A chill ran up my spine at the way he said that. As if I wasn’t already worried enough, now he was after my wife and daughter.
“So I sent a couple of officers over to pick them up.”
Oh, Lord.
“By the way, they’re here now, along with Mrs. Simms and your boy.”
He smiled a little at the anguish in my expression before he went on. “I also sent some men over to the Kindley’s and the Robinson’s.”
Finally!
Concern for my family was somewhat alleviated by the thought that we were finally getting somewhere. “And they confirmed exactly what I told you, didn’t they?”
“They confirmed that there were a lot of bodies layin’ around.
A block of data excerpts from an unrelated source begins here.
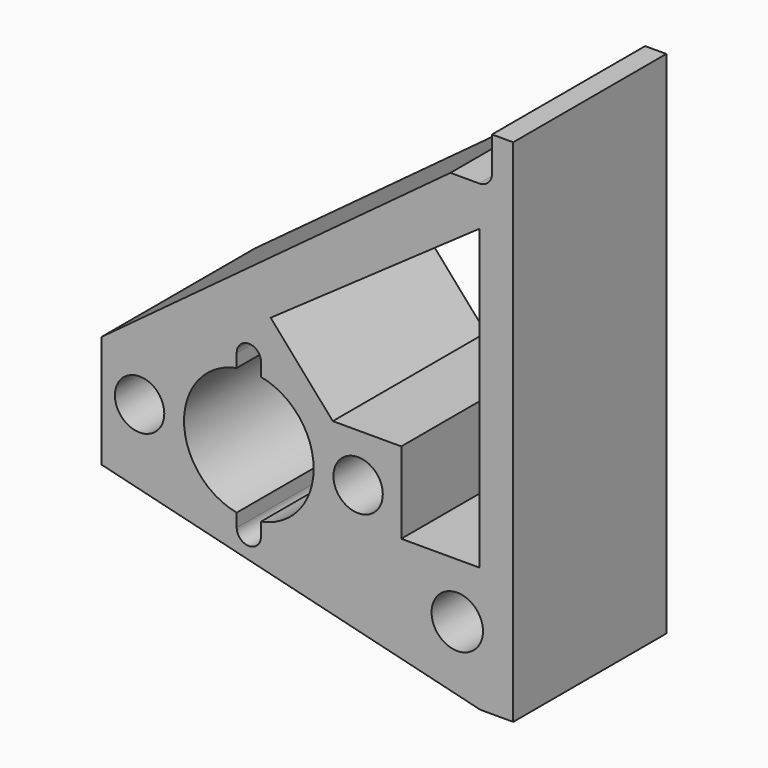
from build123d import *

# Parameters (mm, degrees)
F1_R     = 3.048
F1_R_2   = 3.175
F2_DEPTH = 11.811


# Not quite as in the source:
# - a variable given as a bare number and used for a length is read in inches; the dataset says mm whatever the document's units were


with BuildPart() as f2:
    # F1 (on Front) → F2 (new body, symmetric)
    with BuildSketch(Plane.XZ):
        with BuildLine():
            Line((-4.0742880665, 0), (0, 0))
            Line((0, 0), (0, 62.992))
            Line((0, 62.992), (-2.6162, 62.992))
            Line((-2.6162, 62.992), (-2.6162, 58.7375))
            ThreePointArc((-2.6162, 58.7375), (-3.0811679849, 57.6149679849), (-4.2037, 57.15))
            Line((-4.2037, 57.15), (-7.7502694912, 57.15))
            Line((-7.7502694912, 57.15), (-50.8, 25.3296804607))
            Line((-50.8, 25.3296804607), (-50.8, 11.4263528958))
            Line((-50.8, 11.4263528958), (-4.0742880665, 0))
        make_face()
        with Locations((-46.1220345246, 19.5037350059)):
            Circle(F1_R, mode=Mode.SUBTRACT)
        with BuildLine():
            ThreePointArc((-31.1360345246, 27.3631369577), (-26.4699650444, 24.6040145276), (-24.6336345246, 19.5037350059))
            ThreePointArc((-24.6336345246, 19.5037350059), (-26.4699650444, 14.4034554841), (-31.1360345246, 11.6443330541))
            Line((-31.1360345246, 11.6443330541), (-31.1360345246, 10.0041350059))
            ThreePointArc((-31.1360345246, 10.0041350059), (-32.6346345246, 8.5055350059), (-34.1332345246, 10.0041350059))
            Line((-34.1332345246, 10.0041350059), (-34.1332345246, 11.6443330541))
            ThreePointArc((-34.1332345246, 11.6443330541), (-40.6356345246, 19.5037350059), (-34.1332345246, 27.3631369577))
            Line((-34.1332345246, 27.3631369577), (-34.1332345246, 29.0033350059))
            ThreePointArc((-34.1332345246, 29.0033350059), (-32.6346345246, 30.5019350059), (-31.1360345246, 29.0033350059))
            Line((-31.1360345246, 29.0033350059), (-31.1360345246, 27.3631369577))
        make_face(mode=Mode.SUBTRACT)
        with Locations((-6.9088, 8.636)):
            Circle(F1_R_2, mode=Mode.SUBTRACT)
        with Locations((-19.1472345246, 19.5037350059)):
            Circle(F1_R, mode=Mode.SUBTRACT)
        Polygon((-29.9449488521, 34.1863036156), (-4.1464217938, 52.254665643), (-4.1464217938, 15.4098803177), (-13.8212321326, 15.4098803177), (-13.8212321326, 25.4460312426), (-22.2725905478, 25.4460312426), align=None, mode=Mode.SUBTRACT)
    extrude(amount=F2_DEPTH, both=True)


solid = f2.part

That don’t mean nothin’ ’cept somebody killed a bunch of people out there.” And again, that look.
But I thought that I possibly understood it now. Kelland was the kind of man who respected strength, or what he understood of strength anyway. He still didn’t like me, but to his way of thinking, anyone who could take on odds like the ones he had mentioned earlier must be a strong individual. It didn’t matter that we had at no time faced anywhere near that many opponents at once. The way he saw it was simply that we had faced impossible odds and won.
He respected that; ergo, he respected me, maybe even feared me a little.
He moved to the table and sat down across from me again. Scooting his chair back, he propped his feet on the table and began a new tactic. “You know, when Chief Davis died, and I took over, one of the first things I did was to read the statement you filed on your run-in with those hijackers.” He waved the report at me again. “Then I sent two men out to the site.”
I wondered where this was heading.
“They pretty much confirmed what you said about the ambushed convoy. All the wreckage and the bodies matched your report. And they found the hidden little road where you said it was and the cabin in the clearing.” He peered intently into my eyes. “And they found three bodies in that clearing.”
“Three?” We had killed two, Edgar and Michael. Who was the third?
“One was a man whose throat had been punctured,”
Edgar
, I counted. “Another man had been shot in the back.”
Michael
. “And the third man had a hole in his shoulder and a broken knee.”
Larry
.
He must not have recovered. I remembered leaving him tied up, but we’d left his left hand untied, his wounded arm. It would have been painful, but I felt sure he would be able to get his right hand untied from his ankles with a little work, unless he had reopened the wound in his shoulder and bled to death in the process. Why hadn’t I thought of that at the time?
“He must have bled to death,” I said lamely.
Kelland nodded. “That’s what the officers guessed.”
“So what does this mean?”
“It means that you killed three men on the way out here, and then reported it to the authorities as soon as you could.” He sat back in his chair having found something in my reaction that satisfied him that I wasn’t hiding anything. “That tells me you’re either honest, or sneaky. When I mentioned three bodies, it surprised you. You didn’t expect three of them to be dead. That leads me to believe you’re honest. And it tells me you didn’t intend to kill the third guy, even though according to your report, he was gonna kill you.”
He remained silent for a moment, tapping his pencil on the table between us before he continued, “I took over when Davis died because my men and the mayor thought I was the best man for the job. So do I. I’m good at it. It may not seem like much to you, bein’ from a big city and all, but right now, right here, I’m the best there is. And I learned a long time ago that in this job, you’ve got to learn to trust your gut.
“The facts that we have, Mr. Dawcett, say that you are either a magnet for bad luck, or you’re a homicidal maniac. Either way, I’m not wild about having you in my jurisdiction.” He surprised me then by smiling. “But I think we had that conversation yesterday.